A Tea Party Test Case

A headstrong conservative faces an Iraq-war heroine in a pivotal House race

  • Illustration by Oliver Munday for TIME

    I hate meetings like this!" illinois Congressman Joe Walsh shouted in frustration. A small-business man named Ted Kozlowski, a defense contractor, was explaining how he'd had to lay off nearly half his workforce because funding for one of his products, a machine-gun cradle, had been mysteriously suspended in February. "It's ridiculous what Washington is doing to you," Walsh went on to say. "They change the rules of the road every six months." A small problem here, though: Walsh, one of the more flagrant members of the Tea Party caucus, lives at ground zero of the congressional mess. He has proudly opposed every attempt at a budget compromise that would clarify the status of Kozlowski's funding. He told me he would continue to vote against any deal that raises tax rates. If he is re-elected.

    That could be a problem too. After he was elected in 2010, Walsh embraced the notion that he was a poster boy for the Tea Party, and there was a fair amount of truth to that: he had won a shocking victory over a Democratic incumbent in the Chicago suburbs, in the heart of blue-state Illinois. He proceeded to make a lot of noise, with an untoward candor that was less outrageous than that of another Tea Party poster child, Representative Allen West of Florida (who is also in trouble this year) but still offensive enough to women, homosexuals and Muslims to make national headlines. The question is, Will Walsh be a Tea Party exemplar of a different sort this year? If he and West and some other high-profile Tea Partyers lose, will the Republican Party take a moderating lesson from that--even if, as is likely, it retains control of the House?

    The deck is certainly stacked against Walsh. His district has been redrawn by the heavily Democratic Illinois legislature. It now includes a significant minority population. And he has a formidable opponent: Tammy Duckworth, an Iraq-war veteran who lost both her legs when the Black Hawk helicopter she was piloting was hit by a rocket-propelled grenade. Walsh has continued to make a fool of himself during the campaign, at one point saying Duckworth wasn't a "true hero" because she talked about her service all the time and real heroes don't do that. He also warned that Muslim terrorists were in the district--he specified three towns--looking to kill Americans. He told me he was talking about a national problem, but there were several attacks on local Muslim sites in the days after he made his comments. "When you say radical things," Duckworth says, "radical things can happen."

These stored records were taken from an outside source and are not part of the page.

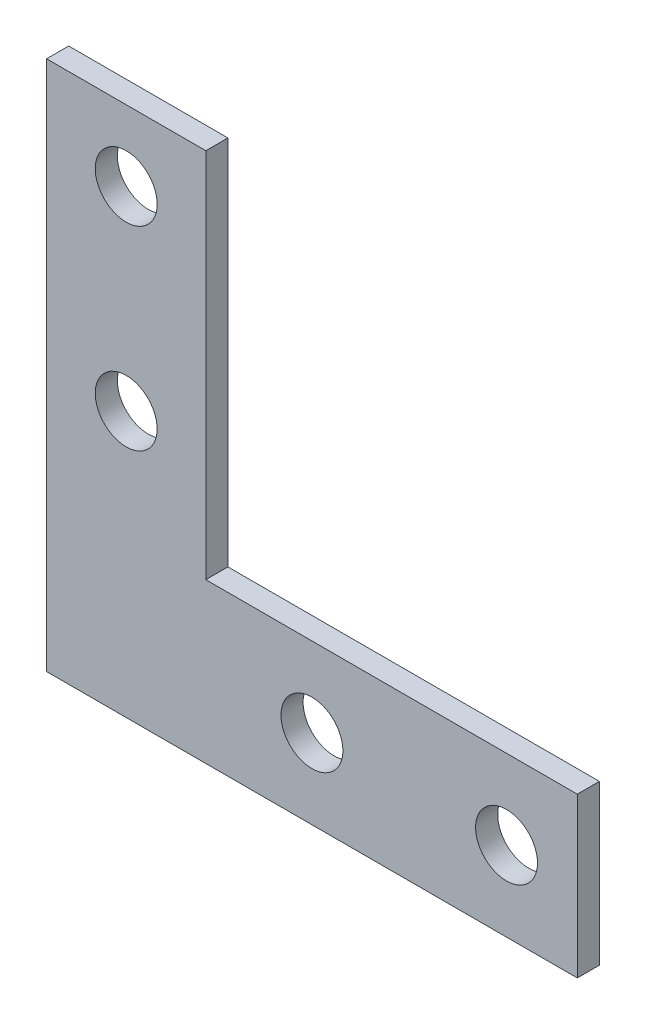
ISO-10303-21;
HEADER;
FILE_DESCRIPTION(('STEP AP214'),'2;1');
FILE_NAME('part.step','',(''),(''),'','','');
FILE_SCHEMA(('AUTOMOTIVE_DESIGN { 1 0 10303 214 1 1 1 1 }'));
ENDSEC;
DATA;
#1=APPLICATION_CONTEXT('core data for automotive mechanical design processes');
#2=APPLICATION_PROTOCOL_DEFINITION('international standard','automotive_design',2000,#1);
#3=PRODUCT_CONTEXT('',#1,'mechanical');
#4=PRODUCT('Part','Part','',(#3));
#5=PRODUCT_RELATED_PRODUCT_CATEGORY('part','',(#4));
#6=PRODUCT_DEFINITION_FORMATION('','',#4);
#7=PRODUCT_DEFINITION_CONTEXT('part definition',#1,'design');
#8=PRODUCT_DEFINITION('design','',#6,#7);
#9=PRODUCT_DEFINITION_SHAPE('','',#8);
#10=(LENGTH_UNIT() NAMED_UNIT(*) SI_UNIT(.MILLI.,.METRE.));
#11=(NAMED_UNIT(*) PLANE_ANGLE_UNIT() SI_UNIT($,.RADIAN.));
#12=(NAMED_UNIT(*) SI_UNIT($,.STERADIAN.) SOLID_ANGLE_UNIT());
#13=UNCERTAINTY_MEASURE_WITH_UNIT(LENGTH_MEASURE(1.E-05),#10,'distance_accuracy_value','');
#14=(GEOMETRIC_REPRESENTATION_CONTEXT(3) GLOBAL_UNCERTAINTY_ASSIGNED_CONTEXT((#13)) GLOBAL_UNIT_ASSIGNED_CONTEXT((#10,
#11,#12)) REPRESENTATION_CONTEXT('',''));
#15=CARTESIAN_POINT('',(0.,0.,0.));
#16=DIRECTION('',(0.,0.,1.));
#17=DIRECTION('',(1.,0.,0.));
#18=AXIS2_PLACEMENT_3D('',#15,#16,#17);
#19=CARTESIAN_POINT('',(0.,0.,2.5));
#20=DIRECTION('',(0.,0.,1.));
#21=DIRECTION('',(1.,0.,0.));
#22=AXIS2_PLACEMENT_3D('',#19,#20,#21);
#23=PLANE('',#22);
#24=CARTESIAN_POINT('',(30.,9.,2.5));
#25=DIRECTION('',(0.,0.,1.));
#26=DIRECTION('',(1.,0.,0.));
#27=AXIS2_PLACEMENT_3D('',#24,#25,#26);
#28=CIRCLE('',#27,3.5);
#29=CARTESIAN_POINT('',(33.5,9.,2.5));
#30=VERTEX_POINT('',#29);
#31=EDGE_CURVE('E190',#30,#30,#28,.T.);
#32=ORIENTED_EDGE('',*,*,#31,.F.);
#33=EDGE_LOOP('',(#32));
#34=FACE_BOUND('',#33,.T.);
#35=CARTESIAN_POINT('',(9.00000000000001,52.,2.5));
#36=DIRECTION('',(0.,0.,1.));
#37=DIRECTION('',(1.,0.,0.));
#38=AXIS2_PLACEMENT_3D('',#35,#36,#37);
#39=CIRCLE('',#38,3.5);
#40=CARTESIAN_POINT('',(12.5,52.,2.5));
#41=VERTEX_POINT('',#40);
#42=EDGE_CURVE('E123',#41,#41,#39,.T.);
#43=ORIENTED_EDGE('',*,*,#42,.F.);
#44=EDGE_LOOP('',(#43));
#45=FACE_BOUND('',#44,.T.);
#46=DIRECTION('',(-1.,0.,0.));
#47=VECTOR('',#46,1.);
#48=CARTESIAN_POINT('',(18.,60.,2.5));
#49=LINE('',#48,#47);
#50=CARTESIAN_POINT('',(18.,60.,2.5));
#51=VERTEX_POINT('',#50);
#52=CARTESIAN_POINT('',(0.,60.,2.5));
#53=VERTEX_POINT('',#52);
#54=EDGE_CURVE('E130',#51,#53,#49,.T.);
#55=ORIENTED_EDGE('',*,*,#54,.T.);
#56=DIRECTION('',(0.,-1.,0.));
#57=VECTOR('',#56,1.);
#58=CARTESIAN_POINT('',(0.,60.,2.5));
#59=LINE('',#58,#57);
#60=CARTESIAN_POINT('',(0.,0.,2.5));
#61=VERTEX_POINT('',#60);
#62=EDGE_CURVE('E88',#53,#61,#59,.T.);
#63=ORIENTED_EDGE('',*,*,#62,.T.);
#64=DIRECTION('',(1.,0.,0.));
#65=VECTOR('',#64,1.);
#66=CARTESIAN_POINT('',(0.,0.,2.5));
#67=LINE('',#66,#65);
#68=CARTESIAN_POINT('',(60.,0.,2.5));
#69=VERTEX_POINT('',#68);
#70=EDGE_CURVE('E101',#61,#69,#67,.T.);
#71=ORIENTED_EDGE('',*,*,#70,.T.);
#72=DIRECTION('',(0.,1.,0.));
#73=VECTOR('',#72,1.);
#74=CARTESIAN_POINT('',(60.,0.,2.5));
#75=LINE('',#74,#73);
#76=CARTESIAN_POINT('',(60.,18.,2.5));
#77=VERTEX_POINT('',#76);
#78=EDGE_CURVE('E95',#69,#77,#75,.T.);
#79=ORIENTED_EDGE('',*,*,#78,.T.);
#80=DIRECTION('',(-1.,0.,0.));
#81=VECTOR('',#80,1.);
#82=CARTESIAN_POINT('',(60.,18.,2.5));
#83=LINE('',#82,#81);
#84=CARTESIAN_POINT('',(18.,18.,2.5));
#85=VERTEX_POINT('',#84);
#86=EDGE_CURVE('E99',#77,#85,#83,.T.);
#87=ORIENTED_EDGE('',*,*,#86,.T.);
#88=DIRECTION('',(0.,1.,0.));
#89=VECTOR('',#88,1.);
#90=CARTESIAN_POINT('',(18.,18.,2.5));
#91=LINE('',#90,#89);
#92=EDGE_CURVE('E51',#85,#51,#91,.T.);
#93=ORIENTED_EDGE('',*,*,#92,.T.);
#94=EDGE_LOOP('',(#55,#63,#71,#79,#87,#93));
#95=FACE_BOUND('',#94,.T.);
#96=CARTESIAN_POINT('',(9.00000000000001,30.,2.5));
#97=DIRECTION('',(0.,0.,1.));
#98=DIRECTION('',(1.,0.,0.));
#99=AXIS2_PLACEMENT_3D('',#96,#97,#98);
#100=CIRCLE('',#99,3.5);
#101=CARTESIAN_POINT('',(12.5,30.,2.5));
#102=VERTEX_POINT('',#101);
#103=EDGE_CURVE('E196',#102,#102,#100,.T.);
#104=ORIENTED_EDGE('',*,*,#103,.F.);
#105=EDGE_LOOP('',(#104));
#106=FACE_BOUND('',#105,.T.);
#107=CARTESIAN_POINT('',(52.,9.,2.5));
#108=DIRECTION('',(0.,0.,1.));
#109=DIRECTION('',(1.,0.,0.));
#110=AXIS2_PLACEMENT_3D('',#107,#108,#109);
#111=CIRCLE('',#110,3.5);
#112=CARTESIAN_POINT('',(55.5,9.,2.5));
#113=VERTEX_POINT('',#112);
#114=EDGE_CURVE('E181',#113,#113,#111,.T.);
#115=ORIENTED_EDGE('',*,*,#114,.F.);
#116=EDGE_LOOP('',(#115));
#117=FACE_BOUND('',#116,.T.);
#118=ADVANCED_FACE('F34',(#34,#45,#95,#106,#117),#23,.T.);
#119=CARTESIAN_POINT('',(0.,0.,0.));
#120=DIRECTION('',(0.,0.,1.));
#121=DIRECTION('',(1.,0.,0.));
#122=AXIS2_PLACEMENT_3D('',#119,#120,#121);
#123=PLANE('',#122);
#124=DIRECTION('',(-1.,0.,0.));
#125=VECTOR('',#124,1.);
#126=CARTESIAN_POINT('',(18.,60.,0.));
#127=LINE('',#126,#125);
#128=CARTESIAN_POINT('',(18.,60.,0.));
#129=VERTEX_POINT('',#128);
#130=CARTESIAN_POINT('',(0.,60.,0.));
#131=VERTEX_POINT('',#130);
#132=EDGE_CURVE('E119',#129,#131,#127,.T.);
#133=ORIENTED_EDGE('',*,*,#132,.F.);
#134=DIRECTION('',(0.,1.,0.));
#135=VECTOR('',#134,1.);
#136=CARTESIAN_POINT('',(18.,18.,0.));
#137=LINE('',#136,#135);
#138=CARTESIAN_POINT('',(18.,18.,0.));
#139=VERTEX_POINT('',#138);
#140=EDGE_CURVE('E80',#139,#129,#137,.T.);
#141=ORIENTED_EDGE('',*,*,#140,.F.);
#142=DIRECTION('',(-1.,0.,0.));
#143=VECTOR('',#142,1.);
#144=CARTESIAN_POINT('',(60.,18.,0.));
#145=LINE('',#144,#143);
#146=CARTESIAN_POINT('',(60.,18.,0.));
#147=VERTEX_POINT('',#146);
#148=EDGE_CURVE('E74',#147,#139,#145,.T.);
#149=ORIENTED_EDGE('',*,*,#148,.F.);
#150=DIRECTION('',(0.,1.,0.));
#151=VECTOR('',#150,1.);
#152=CARTESIAN_POINT('',(60.,0.,0.));
#153=LINE('',#152,#151);
#154=CARTESIAN_POINT('',(60.,0.,0.));
#155=VERTEX_POINT('',#154);
#156=EDGE_CURVE('E109',#155,#147,#153,.T.);
#157=ORIENTED_EDGE('',*,*,#156,.F.);
#158=DIRECTION('',(1.,0.,0.));
#159=VECTOR('',#158,1.);
#160=CARTESIAN_POINT('',(0.,0.,0.));
#161=LINE('',#160,#159);
#162=CARTESIAN_POINT('',(0.,0.,0.));
#163=VERTEX_POINT('',#162);
#164=EDGE_CURVE('E125',#163,#155,#161,.T.);
#165=ORIENTED_EDGE('',*,*,#164,.F.);
#166=DIRECTION('',(0.,-1.,0.));
#167=VECTOR('',#166,1.);
#168=CARTESIAN_POINT('',(0.,60.,0.));
#169=LINE('',#168,#167);
#170=EDGE_CURVE('E122',#131,#163,#169,.T.);
#171=ORIENTED_EDGE('',*,*,#170,.F.);
#172=EDGE_LOOP('',(#133,#141,#149,#157,#165,#171));
#173=FACE_BOUND('',#172,.T.);
#174=CARTESIAN_POINT('',(9.00000000000001,52.,0.));
#175=DIRECTION('',(0.,0.,1.));
#176=DIRECTION('',(1.,0.,0.));
#177=AXIS2_PLACEMENT_3D('',#174,#175,#176);
#178=CIRCLE('',#177,3.5);
#179=CARTESIAN_POINT('',(12.5,52.,0.));
#180=VERTEX_POINT('',#179);
#181=EDGE_CURVE('E199',#180,#180,#178,.T.);
#182=ORIENTED_EDGE('',*,*,#181,.T.);
#183=EDGE_LOOP('',(#182));
#184=FACE_BOUND('',#183,.T.);
#185=CARTESIAN_POINT('',(9.00000000000001,30.,0.));
#186=DIRECTION('',(0.,0.,1.));
#187=DIRECTION('',(1.,0.,0.));
#188=AXIS2_PLACEMENT_3D('',#185,#186,#187);
#189=CIRCLE('',#188,3.5);
#190=CARTESIAN_POINT('',(12.5,30.,0.));
#191=VERTEX_POINT('',#190);
#192=EDGE_CURVE('E193',#191,#191,#189,.T.);
#193=ORIENTED_EDGE('',*,*,#192,.T.);
#194=EDGE_LOOP('',(#193));
#195=FACE_BOUND('',#194,.T.);
#196=CARTESIAN_POINT('',(30.,9.,0.));
#197=DIRECTION('',(0.,0.,1.));
#198=DIRECTION('',(1.,0.,0.));
#199=AXIS2_PLACEMENT_3D('',#196,#197,#198);
#200=CIRCLE('',#199,3.5);
#201=CARTESIAN_POINT('',(33.5,9.,0.));
#202=VERTEX_POINT('',#201);
#203=EDGE_CURVE('E187',#202,#202,#200,.T.);
#204=ORIENTED_EDGE('',*,*,#203,.T.);
#205=EDGE_LOOP('',(#204));
#206=FACE_BOUND('',#205,.T.);
#207=CARTESIAN_POINT('',(52.,9.,0.));
#208=DIRECTION('',(0.,0.,1.));
#209=DIRECTION('',(1.,0.,0.));
#210=AXIS2_PLACEMENT_3D('',#207,#208,#209);
#211=CIRCLE('',#210,3.5);
#212=CARTESIAN_POINT('',(55.5,9.,0.));
#213=VERTEX_POINT('',#212);
#214=EDGE_CURVE('E184',#213,#213,#211,.T.);
#215=ORIENTED_EDGE('',*,*,#214,.T.);
#216=EDGE_LOOP('',(#215));
#217=FACE_BOUND('',#216,.T.);
#218=ADVANCED_FACE('F139',(#173,#184,#195,#206,#217),#123,.F.);
#219=CARTESIAN_POINT('',(18.,60.,2.5));
#220=DIRECTION('',(0.,-1.,0.));
#221=DIRECTION('',(0.,0.,-1.));
#222=AXIS2_PLACEMENT_3D('',#219,#220,#221);
#223=PLANE('',#222);
#224=ORIENTED_EDGE('',*,*,#132,.T.);
#225=DIRECTION('',(0.,0.,-1.));
#226=VECTOR('',#225,1.);
#227=CARTESIAN_POINT('',(0.,60.,2.5));
#228=LINE('',#227,#226);
#229=EDGE_CURVE('E11',#53,#131,#228,.T.);
#230=ORIENTED_EDGE('',*,*,#229,.F.);
#231=ORIENTED_EDGE('',*,*,#54,.F.);
#232=DIRECTION('',(0.,0.,-1.));
#233=VECTOR('',#232,1.);
#234=CARTESIAN_POINT('',(18.,60.,2.5));
#235=LINE('',#234,#233);
#236=EDGE_CURVE('E115',#51,#129,#235,.T.);
#237=ORIENTED_EDGE('',*,*,#236,.T.);
#238=EDGE_LOOP('',(#224,#230,#231,#237));
#239=FACE_BOUND('',#238,.T.);
#240=ADVANCED_FACE('F36',(#239),#223,.F.);
#241=CARTESIAN_POINT('',(0.,60.,2.5));
#242=DIRECTION('',(1.,0.,0.));
#243=DIRECTION('',(0.,1.,0.));
#244=AXIS2_PLACEMENT_3D('',#241,#242,#243);
#245=PLANE('',#244);
#246=ORIENTED_EDGE('',*,*,#170,.T.);
#247=DIRECTION('',(0.,0.,-1.));
#248=VECTOR('',#247,1.);
#249=CARTESIAN_POINT('',(0.,0.,2.5));
#250=LINE('',#249,#248);
#251=EDGE_CURVE('E43',#61,#163,#250,.T.);
#252=ORIENTED_EDGE('',*,*,#251,.F.);
#253=ORIENTED_EDGE('',*,*,#62,.F.);
#254=ORIENTED_EDGE('',*,*,#229,.T.);
#255=EDGE_LOOP('',(#246,#252,#253,#254));
#256=FACE_BOUND('',#255,.T.);
#257=ADVANCED_FACE('F257',(#256),#245,.F.);
#258=CARTESIAN_POINT('',(0.,0.,2.5));
#259=DIRECTION('',(0.,1.,0.));
#260=DIRECTION('',(0.,0.,1.));
#261=AXIS2_PLACEMENT_3D('',#258,#259,#260);
#262=PLANE('',#261);
#263=ORIENTED_EDGE('',*,*,#164,.T.);
#264=DIRECTION('',(0.,0.,-1.));
#265=VECTOR('',#264,1.);
#266=CARTESIAN_POINT('',(60.,0.,2.5));
#267=LINE('',#266,#265);
#268=EDGE_CURVE('E110',#69,#155,#267,.T.);
#269=ORIENTED_EDGE('',*,*,#268,.F.);
#270=ORIENTED_EDGE('',*,*,#70,.F.);
#271=ORIENTED_EDGE('',*,*,#251,.T.);
#272=EDGE_LOOP('',(#263,#269,#270,#271));
#273=FACE_BOUND('',#272,.T.);
#274=ADVANCED_FACE('F136',(#273),#262,.F.);
#275=CARTESIAN_POINT('',(60.,0.,2.5));
#276=DIRECTION('',(-1.,0.,0.));
#277=DIRECTION('',(0.,0.,1.));
#278=AXIS2_PLACEMENT_3D('',#275,#276,#277);
#279=PLANE('',#278);
#280=ORIENTED_EDGE('',*,*,#156,.T.);
#281=DIRECTION('',(0.,0.,-1.));
#282=VECTOR('',#281,1.);
#283=CARTESIAN_POINT('',(60.,18.,2.5));
#284=LINE('',#283,#282);
#285=EDGE_CURVE('E106',#77,#147,#284,.T.);
#286=ORIENTED_EDGE('',*,*,#285,.F.);
#287=ORIENTED_EDGE('',*,*,#78,.F.);
#288=ORIENTED_EDGE('',*,*,#268,.T.);
#289=EDGE_LOOP('',(#280,#286,#287,#288));
#290=FACE_BOUND('',#289,.T.);
#291=ADVANCED_FACE('F107',(#290),#279,.F.);
#292=CARTESIAN_POINT('',(60.,18.,2.5));
#293=DIRECTION('',(0.,-1.,0.));
#294=DIRECTION('',(1.,0.,0.));
#295=AXIS2_PLACEMENT_3D('',#292,#293,#294);
#296=PLANE('',#295);
#297=ORIENTED_EDGE('',*,*,#148,.T.);
#298=DIRECTION('',(0.,0.,-1.));
#299=VECTOR('',#298,1.);
#300=CARTESIAN_POINT('',(18.,18.,2.5));
#301=LINE('',#300,#299);
#302=EDGE_CURVE('E111',#85,#139,#301,.T.);
#303=ORIENTED_EDGE('',*,*,#302,.F.);
#304=ORIENTED_EDGE('',*,*,#86,.F.);
#305=ORIENTED_EDGE('',*,*,#285,.T.);
#306=EDGE_LOOP('',(#297,#303,#304,#305));
#307=FACE_BOUND('',#306,.T.);
#308=ADVANCED_FACE('F113',(#307),#296,.F.);
#309=CARTESIAN_POINT('',(18.,18.,2.5));
#310=DIRECTION('',(-1.,0.,0.));
#311=DIRECTION('',(0.,0.,1.));
#312=AXIS2_PLACEMENT_3D('',#309,#310,#311);
#313=PLANE('',#312);
#314=ORIENTED_EDGE('',*,*,#140,.T.);
#315=ORIENTED_EDGE('',*,*,#236,.F.);
#316=ORIENTED_EDGE('',*,*,#92,.F.);
#317=ORIENTED_EDGE('',*,*,#302,.T.);
#318=EDGE_LOOP('',(#314,#315,#316,#317));
#319=FACE_BOUND('',#318,.T.);
#320=ADVANCED_FACE('F144',(#319),#313,.F.);
#321=CARTESIAN_POINT('',(9.00000000000001,52.,2.5));
#322=DIRECTION('',(0.,0.,-1.));
#323=DIRECTION('',(-1.,0.,0.));
#324=AXIS2_PLACEMENT_3D('',#321,#322,#323);
#325=CYLINDRICAL_SURFACE('',#324,3.5);
#326=ORIENTED_EDGE('',*,*,#42,.T.);
#327=EDGE_LOOP('',(#326));
#328=FACE_BOUND('',#327,.T.);
#329=ORIENTED_EDGE('',*,*,#181,.F.);
#330=EDGE_LOOP('',(#329));
#331=FACE_BOUND('',#330,.T.);
#332=ADVANCED_FACE('F146',(#328,#331),#325,.F.);
#333=CARTESIAN_POINT('',(9.00000000000001,30.,2.5));
#334=DIRECTION('',(0.,0.,-1.));
#335=DIRECTION('',(-1.,0.,0.));
#336=AXIS2_PLACEMENT_3D('',#333,#334,#335);
#337=CYLINDRICAL_SURFACE('',#336,3.5);
#338=ORIENTED_EDGE('',*,*,#103,.T.);
#339=EDGE_LOOP('',(#338));
#340=FACE_BOUND('',#339,.T.);
#341=ORIENTED_EDGE('',*,*,#192,.F.);
#342=EDGE_LOOP('',(#341));
#343=FACE_BOUND('',#342,.T.);
#344=ADVANCED_FACE('F152',(#340,#343),#337,.F.);
#345=CARTESIAN_POINT('',(30.,9.,2.5));
#346=DIRECTION('',(0.,0.,-1.));
#347=DIRECTION('',(-1.,0.,0.));
#348=AXIS2_PLACEMENT_3D('',#345,#346,#347);
#349=CYLINDRICAL_SURFACE('',#348,3.5);
#350=ORIENTED_EDGE('',*,*,#31,.T.);
#351=EDGE_LOOP('',(#350));
#352=FACE_BOUND('',#351,.T.);
#353=ORIENTED_EDGE('',*,*,#203,.F.);
#354=EDGE_LOOP('',(#353));
#355=FACE_BOUND('',#354,.T.);
#356=ADVANCED_FACE('F168',(#352,#355),#349,.F.);
#357=CARTESIAN_POINT('',(52.,9.,2.5));
#358=DIRECTION('',(0.,0.,-1.));
#359=DIRECTION('',(-1.,0.,0.));
#360=AXIS2_PLACEMENT_3D('',#357,#358,#359);
#361=CYLINDRICAL_SURFACE('',#360,3.5);
#362=ORIENTED_EDGE('',*,*,#114,.T.);
#363=EDGE_LOOP('',(#362));
#364=FACE_BOUND('',#363,.T.);
#365=ORIENTED_EDGE('',*,*,#214,.F.);
#366=EDGE_LOOP('',(#365));
#367=FACE_BOUND('',#366,.T.);
#368=ADVANCED_FACE('F172',(#364,#367),#361,.F.);
#369=CLOSED_SHELL('',(#118,#218,#240,#257,#274,#291,#308,#320,#332,#344,#356,#368));
#370=MANIFOLD_SOLID_BREP('B2',#369);
#371=ADVANCED_BREP_SHAPE_REPRESENTATION('',(#18,#370),#14);
#372=SHAPE_DEFINITION_REPRESENTATION(#9,#371);
ENDSEC;
END-ISO-10303-21;

    Walsh does have a few advantages, though. He has become a superstar of super PACs in this race, four of which have put up ads supporting him, and together they are outspending Duckworth significantly. He's also a natural politician, fearless and gregarious, with the courage of his extreme convictions--and a few policy surprises. He told me, for example, that while he would oppose any budget deal that raises tax rates, he does support the complete elimination of such popular tax loopholes as the mortgage-interest and charity deductions. He has also favored cutting the Pentagon budget and wants an immediate end to the war in Afghanistan. "He's a very charismatic and appealing guy," Duckworth told me.